Бабушка, вспомнив, что у неё в кухне и чай, и кулич, и Анна Кузьминична дожидается, отправилась туда. Изюмка немедленно забралась на колени к Фатьме. А Антон стоял около Зины, тихонько сопя носом, и, не зная, как выразить своё сочувствие, теребил ленту в её косе.
– Да, товарищи, – помолчав, сказал отец, – жизнь – это вещь сложная. Жизнь прожить – не поле перейти. И ошибки бывают, и промахи, и тяжёлые дни. На ошибках нам учиться надо. А тяжёлые дни переносить стойко. Что ж поделаешь!
Отец вздохнул. Он-то знал, как нелегко быть стойким в тяжёлые дни. Горе, которое было недавно пережито, потеряло свою невыносимую остроту, но легче не стало. Оно ушло в глубину сердца и напрочно поселилось там.
– Ну и галстук-то свой пионерский надо беречь. Как это там в стихах-то говорится?
Как повяжешь галстук —
Береги его.
–Он ведь с нашим знаменем
Цвета одного, –
подхватили в два голоса Фатьма и Зина.
– Вот то-то – цвета одного. Частица этого нашего знамени-то. Вот ведь как крепко его беречь-то надо!
– Мы будем беречь! – тихо сказала Зина.
– Мы будем беречь! – повторила Фатьма, не поднимая ресниц.

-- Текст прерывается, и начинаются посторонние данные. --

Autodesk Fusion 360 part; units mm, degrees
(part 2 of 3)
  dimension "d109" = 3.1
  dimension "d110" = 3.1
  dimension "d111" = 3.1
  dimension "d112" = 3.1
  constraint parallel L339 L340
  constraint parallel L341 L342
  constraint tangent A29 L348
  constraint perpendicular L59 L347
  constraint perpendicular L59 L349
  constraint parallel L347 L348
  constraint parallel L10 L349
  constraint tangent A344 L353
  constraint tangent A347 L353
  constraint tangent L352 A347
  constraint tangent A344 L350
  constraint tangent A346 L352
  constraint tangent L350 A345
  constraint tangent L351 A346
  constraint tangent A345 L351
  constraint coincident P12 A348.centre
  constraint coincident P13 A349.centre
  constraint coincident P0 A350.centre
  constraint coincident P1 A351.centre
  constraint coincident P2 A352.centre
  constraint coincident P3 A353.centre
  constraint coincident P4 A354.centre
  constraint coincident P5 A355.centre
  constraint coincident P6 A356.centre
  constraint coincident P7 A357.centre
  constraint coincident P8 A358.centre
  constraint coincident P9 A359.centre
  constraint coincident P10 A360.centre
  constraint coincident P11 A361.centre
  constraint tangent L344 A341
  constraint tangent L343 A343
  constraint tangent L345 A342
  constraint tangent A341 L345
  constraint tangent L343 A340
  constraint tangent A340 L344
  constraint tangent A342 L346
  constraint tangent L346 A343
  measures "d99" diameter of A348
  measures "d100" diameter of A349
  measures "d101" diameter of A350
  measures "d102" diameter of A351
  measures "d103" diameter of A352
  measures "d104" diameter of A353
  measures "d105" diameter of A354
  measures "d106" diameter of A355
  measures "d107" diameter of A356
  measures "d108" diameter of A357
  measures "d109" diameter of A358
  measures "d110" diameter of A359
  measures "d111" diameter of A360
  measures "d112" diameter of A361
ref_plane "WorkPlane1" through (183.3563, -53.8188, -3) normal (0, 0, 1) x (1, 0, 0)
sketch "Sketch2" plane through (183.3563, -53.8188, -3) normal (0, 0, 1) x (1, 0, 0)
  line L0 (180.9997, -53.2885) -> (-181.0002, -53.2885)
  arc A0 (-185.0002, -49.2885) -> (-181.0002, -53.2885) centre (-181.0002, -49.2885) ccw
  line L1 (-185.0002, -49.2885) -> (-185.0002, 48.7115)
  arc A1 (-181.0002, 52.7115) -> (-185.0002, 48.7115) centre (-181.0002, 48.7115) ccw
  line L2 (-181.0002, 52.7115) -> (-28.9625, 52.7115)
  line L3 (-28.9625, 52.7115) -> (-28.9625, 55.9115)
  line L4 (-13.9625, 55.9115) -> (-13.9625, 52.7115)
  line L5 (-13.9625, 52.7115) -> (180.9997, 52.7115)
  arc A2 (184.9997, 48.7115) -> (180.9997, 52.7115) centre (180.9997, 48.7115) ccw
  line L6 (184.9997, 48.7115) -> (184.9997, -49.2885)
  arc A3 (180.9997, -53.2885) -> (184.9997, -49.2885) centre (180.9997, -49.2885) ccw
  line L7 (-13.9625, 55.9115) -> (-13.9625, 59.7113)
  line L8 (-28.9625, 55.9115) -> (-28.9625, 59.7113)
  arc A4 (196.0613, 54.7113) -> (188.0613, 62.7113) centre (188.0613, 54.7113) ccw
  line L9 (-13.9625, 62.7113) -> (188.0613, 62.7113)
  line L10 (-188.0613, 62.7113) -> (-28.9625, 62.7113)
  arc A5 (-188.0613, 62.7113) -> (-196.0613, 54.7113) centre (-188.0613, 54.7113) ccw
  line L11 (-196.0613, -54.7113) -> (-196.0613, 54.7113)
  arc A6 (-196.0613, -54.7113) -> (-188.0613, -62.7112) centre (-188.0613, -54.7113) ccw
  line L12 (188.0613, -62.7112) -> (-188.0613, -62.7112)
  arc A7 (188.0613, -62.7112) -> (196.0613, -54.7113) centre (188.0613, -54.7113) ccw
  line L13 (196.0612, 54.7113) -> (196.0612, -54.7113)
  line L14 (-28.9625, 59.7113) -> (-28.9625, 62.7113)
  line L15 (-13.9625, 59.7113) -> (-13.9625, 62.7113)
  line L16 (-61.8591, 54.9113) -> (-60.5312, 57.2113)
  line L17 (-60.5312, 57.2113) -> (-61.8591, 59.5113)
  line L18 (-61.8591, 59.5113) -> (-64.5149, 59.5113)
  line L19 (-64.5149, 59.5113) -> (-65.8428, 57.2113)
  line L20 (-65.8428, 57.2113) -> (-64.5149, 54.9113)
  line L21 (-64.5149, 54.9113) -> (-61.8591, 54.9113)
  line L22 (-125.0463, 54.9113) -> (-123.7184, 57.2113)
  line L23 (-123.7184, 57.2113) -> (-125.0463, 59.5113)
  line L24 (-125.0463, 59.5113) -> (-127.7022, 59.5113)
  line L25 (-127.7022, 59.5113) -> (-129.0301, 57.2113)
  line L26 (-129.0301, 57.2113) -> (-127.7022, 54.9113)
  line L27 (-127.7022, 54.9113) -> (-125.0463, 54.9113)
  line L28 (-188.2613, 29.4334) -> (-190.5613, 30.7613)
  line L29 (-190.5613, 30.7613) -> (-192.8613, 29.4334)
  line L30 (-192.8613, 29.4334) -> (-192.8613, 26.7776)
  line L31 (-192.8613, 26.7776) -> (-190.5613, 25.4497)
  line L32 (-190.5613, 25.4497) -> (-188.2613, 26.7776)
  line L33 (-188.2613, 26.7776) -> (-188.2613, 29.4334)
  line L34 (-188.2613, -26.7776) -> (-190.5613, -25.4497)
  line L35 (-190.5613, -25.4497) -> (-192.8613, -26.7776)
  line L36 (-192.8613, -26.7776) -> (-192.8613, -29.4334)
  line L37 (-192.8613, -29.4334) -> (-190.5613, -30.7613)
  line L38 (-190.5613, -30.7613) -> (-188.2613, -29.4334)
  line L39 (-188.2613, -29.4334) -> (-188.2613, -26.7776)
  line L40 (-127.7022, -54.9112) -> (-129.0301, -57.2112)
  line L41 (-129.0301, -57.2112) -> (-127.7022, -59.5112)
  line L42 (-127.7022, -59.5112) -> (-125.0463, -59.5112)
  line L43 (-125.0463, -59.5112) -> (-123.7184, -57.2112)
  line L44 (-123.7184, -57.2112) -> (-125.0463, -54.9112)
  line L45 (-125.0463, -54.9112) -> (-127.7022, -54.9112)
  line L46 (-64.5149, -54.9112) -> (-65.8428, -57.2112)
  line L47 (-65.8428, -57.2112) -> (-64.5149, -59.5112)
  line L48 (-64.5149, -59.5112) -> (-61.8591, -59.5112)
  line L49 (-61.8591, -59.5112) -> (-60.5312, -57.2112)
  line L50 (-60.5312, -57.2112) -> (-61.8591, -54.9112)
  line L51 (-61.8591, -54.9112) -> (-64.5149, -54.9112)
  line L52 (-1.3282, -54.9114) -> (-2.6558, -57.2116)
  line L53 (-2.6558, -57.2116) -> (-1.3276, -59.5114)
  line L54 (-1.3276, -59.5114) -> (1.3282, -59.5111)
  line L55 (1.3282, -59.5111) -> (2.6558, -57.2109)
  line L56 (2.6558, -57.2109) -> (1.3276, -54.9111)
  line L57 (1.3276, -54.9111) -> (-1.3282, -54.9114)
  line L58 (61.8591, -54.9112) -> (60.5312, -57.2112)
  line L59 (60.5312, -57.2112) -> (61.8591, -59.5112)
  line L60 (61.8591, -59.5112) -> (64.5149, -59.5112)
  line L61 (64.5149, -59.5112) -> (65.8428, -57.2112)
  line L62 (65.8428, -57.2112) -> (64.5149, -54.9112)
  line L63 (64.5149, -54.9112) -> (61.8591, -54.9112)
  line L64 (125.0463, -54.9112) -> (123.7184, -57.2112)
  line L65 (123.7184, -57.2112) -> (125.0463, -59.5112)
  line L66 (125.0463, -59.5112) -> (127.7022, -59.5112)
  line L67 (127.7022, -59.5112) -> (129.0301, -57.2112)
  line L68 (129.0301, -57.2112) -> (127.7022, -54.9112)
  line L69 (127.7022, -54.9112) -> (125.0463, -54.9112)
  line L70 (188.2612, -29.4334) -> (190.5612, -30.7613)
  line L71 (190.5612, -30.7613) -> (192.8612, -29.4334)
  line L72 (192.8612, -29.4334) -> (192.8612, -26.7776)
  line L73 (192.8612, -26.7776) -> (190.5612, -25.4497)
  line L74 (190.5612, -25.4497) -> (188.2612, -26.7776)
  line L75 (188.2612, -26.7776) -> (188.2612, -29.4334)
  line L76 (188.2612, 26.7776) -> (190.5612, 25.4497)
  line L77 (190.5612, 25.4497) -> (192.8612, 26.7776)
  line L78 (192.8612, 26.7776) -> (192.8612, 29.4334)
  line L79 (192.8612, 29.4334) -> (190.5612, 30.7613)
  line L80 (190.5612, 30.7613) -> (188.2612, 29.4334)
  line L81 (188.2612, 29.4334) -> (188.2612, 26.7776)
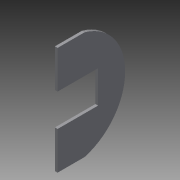
# Autodesk Inventor part: beam
Saved by Autodesk Inventor 2015 (Build 190159000, 159)
## iProperties
Created: 2014-08-30
Part Number: beam
Material: Generic
Document SubType Name: Modeling
Designer: shohei
Density: 1 g/cm^3
Appearance: Default
Author: shohei
Autodesk Inventor part; units mm, degrees
ref_plane "YZ Plane" through (0, 0, 0) normal (1, 0, 0) x (0, 1, 0)
ref_plane "XZ Plane" through (0, 0, 0) normal (0, 1, 0) x (-1, 0, 0)
ref_plane "XY Plane" through (0, 0, 0) normal (0, 0, 1) x (1, 0, 0)
sketch "Sketch1" plane through (0, 0, 0) normal (1, 0, 0) x (0, 1, 0)
  line L0 (48.3789, 0) -> (148.3789, 0)
  line L1 (248.3789, -333.1357) -> (248.3789, -336.1798)
  line L2 (148.3789, -400) -> (48.3789, -400)
  line L3 (48.3789, -400) -> (48.3789, 0)
  line L4 (198.3789, -260) -> (48.3789, -260)
  line L5 (48.3789, -260) -> (48.3789, -140)
  line L6 (48.3789, -140) -> (198.3789, -140)
  line L7 (198.3789, -140) -> (198.3789, -260)
  line L8 (-98.7773, -200) -> (409.3156, -200)
  arc A0 (298.3789, -200) -> (148.3789, 0) centre (92.075, -198.478) ccw
  arc A1 (148.3789, -400) -> (298.3789, -200) centre (92.075, -201.522) ccw
  point P0 (248.3789, -63.8202)
  point P1 (248.3789, -200)
  dimension "d11" = 120
  dimension "d12" = 150
  dimension "d13" = 50
  dimension "d14" = 140
  dimension "d18" = 200
  dimension "d19" = 200
  dimension "d20" = 50
  dimension "d21" = 100
  dimension "d23" = 400
  constraints: 18 end point, 7 point on circle, 3 horizontal, 3 parallel, 2 centre point, 2 perpendicular, 2 symmetric about line, 1 coincident, 1 point on line, 1 other
  measures "d11" distance of L4.end L5.end
  measures "d12" distance of L5.end L6.end
  measures "d13" distance between parallel lines of L1 L7
  measures "d14" distance between parallel lines of L0 L6
  measures "d18" distance between parallel lines of L0 L8
  measures "d19" distance from line of point (248.379, -200) L0
  measures "d20" distance of point (248.379, -200) A0.start
  measures "d21" distance of L0.start L0.end
  measures "d23" distance of L0.start point (48.379, -400)
extrude "Extrusion1" add sketch "Sketch1" along normal blind 10 contours L0 A0 L8 L7 L6 L3 | A1 L2 L3 L4 L7 L8
body "Solid1"
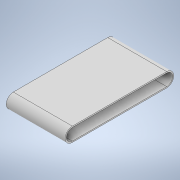
# Autodesk Inventor part: Adrian_Förderband
Saved by Autodesk Inventor 2021 (Build 250183000, 183)
## iProperties
Created: 2022-07-12
Part Number: Adrian_Förderband
Material: Generisch
Document SubType Name: Modeling
Designer: adria
Mass: 9727.88 g
Surface Area: 19844.9 cm^2
Volume: 9727.88 cm^3
Density: 1 g/cm^3
Appearance: Vorgabe
Author: adria
Autodesk Inventor part; units mm, degrees
ref_plane "YZ Plane" through (0, 0, 0) normal (1, 0, 0) x (0, 1, 0)
ref_plane "XZ Plane" through (0, 0, 0) normal (0, 1, 0) x (-1, 0, 0)
ref_plane "XY Plane" through (0, 0, 0) normal (0, 0, 1) x (1, 0, 0)
sketch "Skizze1" plane through (0, 0, 0) normal (1, 0, 0) x (0, 1, 0)
  line L0 (0, 0) -> (0, -800) construction
  line L1 (-50, 0) -> (-50, -800)
  line L2 (50, -800) -> (50, 0)
  arc A0 (50, 0) -> (-50, 0) centre (0, 0) ccw
  arc A1 (-50, -800) -> (50, -800) centre (0, -800) ccw
  line L3 (0, 0) -> (0, -800) construction
  line L4 (-60, 0) -> (-60, -800)
  line L5 (60, -800) -> (60, 0)
  arc A2 (60, 0) -> (-60, 0) centre (0, 0) ccw
  arc A3 (-60, -800) -> (60, -800) centre (0, -800) ccw
  point P0 (0, -400)
  point P1 (0, -400)
  dimension "d0" = 10
  dimension "d1" = 800
  dimension "d2" = 100
  constraints: 16 end point, 8 point on circle, 8 tangent, 4 centre point, 2 midpoint, 2 parallel, 2 vertical
  measures "d0" distance between parallel lines of L2 L5
  measures "d1" distance of L0.end L0.start
  measures "d2" distance between parallel lines of L1 L2
extrude "Extrusion1" add sketch "Skizze1" along normal mid plane 500
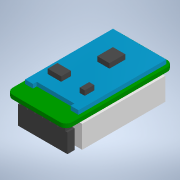
# Autodesk Inventor part: BMS
Saved by Autodesk Inventor 2020 (Build 240168000, 168)
## iProperties
Created: 2021-03-29
Part Number: BMS
Material: Generic
Document SubType Name: Modeling
Designer: Luke
Density: 1 g/cm^3
Appearance: Default
Author: Luke
Autodesk Inventor part; units mm, degrees
ref_plane "YZ Plane" through (0, 0, 0) normal (1, 0, 0) x (0, 1, 0)
ref_plane "XZ Plane" through (0, 0, 0) normal (0, 1, 0) x (-1, 0, 0)
ref_plane "XY Plane" through (0, 0, 0) normal (0, 0, 1) x (1, 0, 0)
sketch "Sketch1" plane through (0, 0, 0) normal (0, 1, 0) x (-1, 0, 0)
  line L0 (7.5, 17.125) -> (-7.5, 17.125)
  line L1 (-9.5, 15.125) -> (-9.5, -15.125)
  line L2 (-7.5, -17.125) -> (7.5, -17.125)
  line L3 (9.5, -15.125) -> (9.5, 15.125)
  line L4 (9.5, 17.125) -> (-9.5, -17.125) construction
  line L5 (-9.5, 17.125) -> (9.5, -17.125) construction
  arc A0 (7.5, -17.125) -> (9.5, -15.125) centre (7.5, -15.125) ccw
  arc A1 (-9.5, -15.125) -> (-7.5, -17.125) centre (-7.5, -15.125) ccw
  arc A2 (-7.5, 17.125) -> (-9.5, 15.125) centre (-7.5, 15.125) ccw
  arc A3 (9.5, 15.125) -> (7.5, 17.125) centre (7.5, 15.125) ccw
  point P0 (0, 0)
  dimension "d0" = 19
  dimension "d1" = 34.25
  dimension "d2" = 2
  constraints: 12 end point, 8 point on circle, 8 point on line, 8 tangent, 4 centre point, 3 equal radius, 2 midpoint, 2 parallel, 1 horizontal, 1 perpendicular
  measures "d0" distance of L5.end L4.end
  measures "d1" distance of L4.end L5.start
  measures "d2" radius of A0
extrude "Extrusion1" add sketch "Sketch1" along normal blind 1.28
sketch "Sketch2" plane through (0, 1.28, 0) normal (0, 1, 0) x (1, 0, 0)
  line L0 (8.5, -12.175) -> (8.5, 15.825)
  line L1 (8.5, 15.825) -> (-8.5, 15.825)
  line L2 (-8.5, 15.825) -> (-8.5, -12.175)
  line L3 (-8.5, -12.175) -> (8.5, 15.825) construction
  line L4 (8.5, -12.175) -> (-8.5, 15.825) construction
  line L5 (7.5, 17.125) -> (-7.5, 17.125) projected
  line L6 (0, 17.125) -> (0, 15.825)
  line L7 (-6, -10.975) -> (6, -10.975)
  line L8 (6, -10.975) -> (6, -12.175)
  line L9 (-6, -12.175) -> (-6, -10.975)
  line L10 (-8.5, -12.175) -> (-6, -12.175)
  line L11 (6, -12.175) -> (8.5, -12.175)
  point P0 (0, 0)
  point P1 (0, 15.825)
  dimension "d5" = 17
  dimension "d6" = 28
  dimension "d7" = 1.3
  dimension "d9" = 1.2
  constraints: 22 end point, 4 parallel, 3 horizontal, 3 perpendicular, 2 midpoint, 1 vertical
  measures "d5" distance of L1.end L0.end
  measures "d6" distance of L0.end L0.start
  measures "d7" distance of L6.start L6.end
  measures "d9" distance of L7.end L8.end
extrude "Extrusion2" add sketch "Sketch2" along normal blind 1.28
sketch "Sketch3" plane through (0, 0, 0) normal (0, -1, 0) x (1, 0, 0)
  line L0 (5.75, -9.895) -> (-5.75, -9.895)
  line L1 (-5.75, -9.895) -> (-5.75, 6.605)
  line L2 (-5.75, 6.605) -> (5.75, 6.605)
  line L3 (5.75, 6.605) -> (5.75, -9.895)
  line L4 (7.5, -17.125) -> (-7.5, -17.125) projected
  line L5 (0, -17.125) -> (0, -9.895)
  point P0 (0, 0)
  point P1 (0, -9.895)
  dimension "d12" = 11.5
  dimension "d13" = 16.5
  dimension "d14" = 7.23
  constraints: 10 end point, 2 midpoint, 2 parallel, 1 horizontal, 1 perpendicular, 1 vertical
  measures "d12" distance of L1.end L2.end
  measures "d13" distance of L0.end L1.end
  measures "d14" distance of L5.start L5.end
extrude "Extrusion3" add sketch "Sketch3" along normal blind 1.28
sketch "Sketch4" plane through (0, 0, 0) normal (0, -1, 0) x (1, 0, 0)
  line L0 (-7.5, 17.125) -> (7.5, 17.125) projected
  line L1 (0, 17.125) -> (0, 15.125)
  line L2 (0.2, 15.125) -> (2.24, 15.125)
  line L3 (2.44, 14.925) -> (2.44, 12.885)
  line L4 (2.24, 12.685) -> (0.2, 12.685)
  line L5 (0, 12.885) -> (0, 14.925)
  line L6 (0, 14.925) -> (0.2, 15.125)
  line L7 (2.24, 15.125) -> (2.44, 14.925)
  line L8 (2.44, 12.885) -> (2.24, 12.685)
  line L9 (0.2, 12.685) -> (0, 12.885)
  line L10 (2.64, 15.125) -> (4.68, 15.125)
  line L11 (4.88, 14.925) -> (4.88, 12.885)
  line L12 (4.68, 12.685) -> (2.64, 12.685)
  line L13 (2.44, 12.885) -> (2.44, 14.925)
  line L14 (2.44, 14.925) -> (2.64, 15.125)
  line L15 (4.68, 15.125) -> (4.88, 14.925)
  line L16 (4.88, 12.885) -> (4.68, 12.685)
  line L17 (2.64, 12.685) -> (2.44, 12.885)
  line L18 (5.08, 15.125) -> (7.12, 15.125)
  line L19 (7.32, 14.925) -> (7.32, 12.885)
  line L20 (7.12, 12.685) -> (5.08, 12.685)
  line L21 (4.88, 12.885) -> (4.88, 14.925)
  line L22 (4.88, 14.925) -> (5.08, 15.125)
  line L23 (7.12, 15.125) -> (7.32, 14.925)
  line L24 (7.32, 12.885) -> (7.12, 12.685)
  line L25 (5.08, 12.685) -> (4.88, 12.885)
  line L26 (-2.24, 15.125) -> (-0.2, 15.125)
  line L27 (0, 14.925) -> (0, 12.885)
  line L28 (-0.2, 12.685) -> (-2.24, 12.685)
  line L29 (-2.44, 12.885) -> (-2.44, 14.925)
  line L30 (-2.44, 14.925) -> (-2.24, 15.125)
  line L31 (-0.2, 15.125) -> (0, 14.925)
  line L32 (0, 12.885) -> (-0.2, 12.685)
  line L33 (-2.24, 12.685) -> (-2.44, 12.885)
  line L34 (-4.68, 15.125) -> (-2.64, 15.125)
  line L35 (-2.44, 14.925) -> (-2.44, 12.885)
  line L36 (-2.64, 12.685) -> (-4.68, 12.685)
  line L37 (-4.88, 12.885) -> (-4.88, 14.925)
  line L38 (-4.88, 14.925) -> (-4.68, 15.125)
  line L39 (-2.64, 15.125) -> (-2.44, 14.925)
  line L40 (-2.44, 12.885) -> (-2.64, 12.685)
  line L41 (-4.68, 12.685) -> (-4.88, 12.885)
  line L42 (-7.12, 15.125) -> (-5.08, 15.125)
  line L43 (-4.88, 14.925) -> (-4.88, 12.885)
  line L44 (-5.08, 12.685) -> (-7.12, 12.685)
  line L45 (-7.32, 12.885) -> (-7.32, 14.925)
  line L46 (-7.32, 14.925) -> (-7.12, 15.125)
  line L47 (-5.08, 15.125) -> (-4.88, 14.925)
  line L48 (-4.88, 12.885) -> (-5.08, 12.685)
  line L49 (-7.12, 12.685) -> (-7.32, 12.885)
  point P0 (0, 0)
  point P1 (2.44, 12.685)
  point P2 (2.44, 15.125)
  point P3 (0, 12.685)
  point P4 (2.44, 15.125)
  point P5 (4.88, 12.685)
  point P6 (4.88, 15.125)
  point P7 (2.44, 12.685)
  point P8 (4.88, 15.125)
  point P9 (7.32, 12.685)
  point P10 (7.32, 15.125)
  point P11 (4.88, 12.685)
  point P12 (-2.44, 15.125)
  point P13 (0, 12.685)
  point P14 (-2.44, 12.685)
  point P15 (-4.88, 15.125)
  point P16 (-2.44, 12.685)
  point P17 (-2.44, 15.125)
  point P18 (-4.88, 12.685)
  point P19 (-7.32, 15.125)
  point P20 (-4.88, 12.685)
  point P21 (-4.88, 15.125)
  point P22 (-7.32, 12.685)
  dimension "d27" = 2
  constraints: 98 end point, 48 point on line, 12 parallel, 6 horizontal, 6 perpendicular, 1 midpoint, 1 vertical
  measures "d27" distance of L1.start L1.end
extrude "Extrusion4" add sketch "Sketch4" along normal blind 2.44
sketch "Sketch5" plane through (0, -2.44, 0) normal (0, -1, 0) x (1, 0, 0)
  line L0 (-7.865, 15.055) -> (7.865, 15.055)
  line L1 (7.865, 15.055) -> (7.865, 12.755)
  line L2 (7.865, 12.755) -> (-7.865, 12.755)
  line L3 (-7.865, 12.755) -> (-7.865, 15.055)
  line L4 (0.2, 12.685) -> (0, 12.885) projected
  line L5 (0, 14.925) -> (0, 12.885)
  point P0 (0, 0)
  point P1 (0, 13.905)
  point P2 (0, 13.905)
  dimension "d30" = 15.73
  dimension "d31" = 2.3
  constraints: 10 end point, 2 parallel, 1 horizontal, 1 midpoint, 1 perpendicular, 1 vertical
  measures "d30" distance of L1.end L2.end
  measures "d31" distance of L0.end L1.end
extrude "Extrusion5" add sketch "Sketch5" along normal blind 6
sketch "Sketch6" plane through (0, 2.56, 0) normal (0, 1, 0) x (1, 0, 0)
  line L0 (-1.9361, 4.2441) -> (1.9639, 4.2441)
  line L1 (1.9639, 4.2441) -> (1.9639, 9.2441)
  line L2 (1.9639, 9.2441) -> (-1.9361, 9.2441)
  line L3 (-1.9361, 9.2441) -> (-1.9361, 4.2441)
  line L4 (-6.3946, -7.0839) -> (-2.0946, -7.0839)
  line L5 (-2.0946, -7.0839) -> (-2.0946, -3.9839)
  line L6 (-2.0946, -3.9839) -> (-6.3946, -3.9839)
  line L7 (-6.3946, -3.9839) -> (-6.3946, -7.0839)
  line L8 (3.9309, -7.1914) -> (5.5309, -7.1914)
  line L9 (5.5309, -7.1914) -> (5.5309, -4.1914)
  line L10 (5.5309, -4.1914) -> (3.9309, -4.1914)
  line L11 (3.9309, -4.1914) -> (3.9309, -7.1914)
  line L12 (8.5, 15.825) -> (-8.5, 15.825) projected
  point P0 (0, 0)
  point P1 (3.9309, -5.6914)
  point P2 (0, 15.825)
  point P3 (0.0139, 9.2441)
  point P4 (-2.0946, -5.5339)
  dimension "d34" = 3.9
  dimension "d35" = 5
  dimension "d36" = 4.3
  dimension "d37" = 3.1
  dimension "d38" = 1.6
  dimension "d39" = 3
  constraints: 24 end point, 6 parallel, 4 midpoint, 3 horizontal, 3 perpendicular
  measures "d34" distance of L2.end L1.end
  measures "d35" distance of L1.end L0.end
  measures "d36" distance of L6.end L5.end
  measures "d37" distance of L5.end L4.end
  measures "d38" distance of L10.end L9.end
  measures "d39" distance of L9.end L8.end
extrude "Extrusion6" add sketch "Sketch6" along normal blind 1.5
sketch "Sketch7" plane through (0, -1.28, 0) normal (0, -1, 0) x (1, 0, 0)
  line L0 (-9, 11.5) -> (9, 11.5)
  line L1 (9, 11.5) -> (9, -11.5)
  line L2 (-8.5, -11.5) -> (-9, -11.5)
  line L3 (-9, -11.5) -> (-9, 11.5)
  line L4 (-9, -11.5) -> (-9, -15)
  line L5 (-8.5, -15.825) -> (-8.5, 12.175) projected
  line L6 (-9, -11.5) -> (-5.5, -11.5) construction
  line L7 (-9, -15) -> (9, -15)
  line L8 (9, -15) -> (9, -11.5)
  dimension "d42" = 18
  dimension "d43" = 23
  dimension "d46" = 3.5
  dimension "d47" = 90
  dimension "d48" = 90
  constraints: 16 end point, 3 parallel, 3 perpendicular, 2 horizontal, 1 point on line
  measures "d42" distance of L1.end L2.end
  measures "d43" distance of L0.end L1.end
  measures "d46" distance of L2.end L4.end
  measures "d47" angle of L4 L6
  measures "d48" angle of L7 L4
ref_plane "Work Plane1" through (-19.708, -8.44, -77.2303) normal (0, 1, 0) x (0, 0, 1)
extrude "Extrusion7" add sketch "Sketch7" along normal up to surface (7.16 mm away)
body "Solid1"

Изюмка обняла Фатьму за шею и прижалась щекой к её щеке. Все примолкли, задумались.
А за окнами стоял уже по-весеннему голубой вечер, падали и разбивались подтаявшие сосульки, звякала весёлая капель. И тонкая веточка с чуть набухшими почками легонько постукивала в окно, стараясь напомнить о том, что скоро весна, что впереди очень много света, солнца и радости.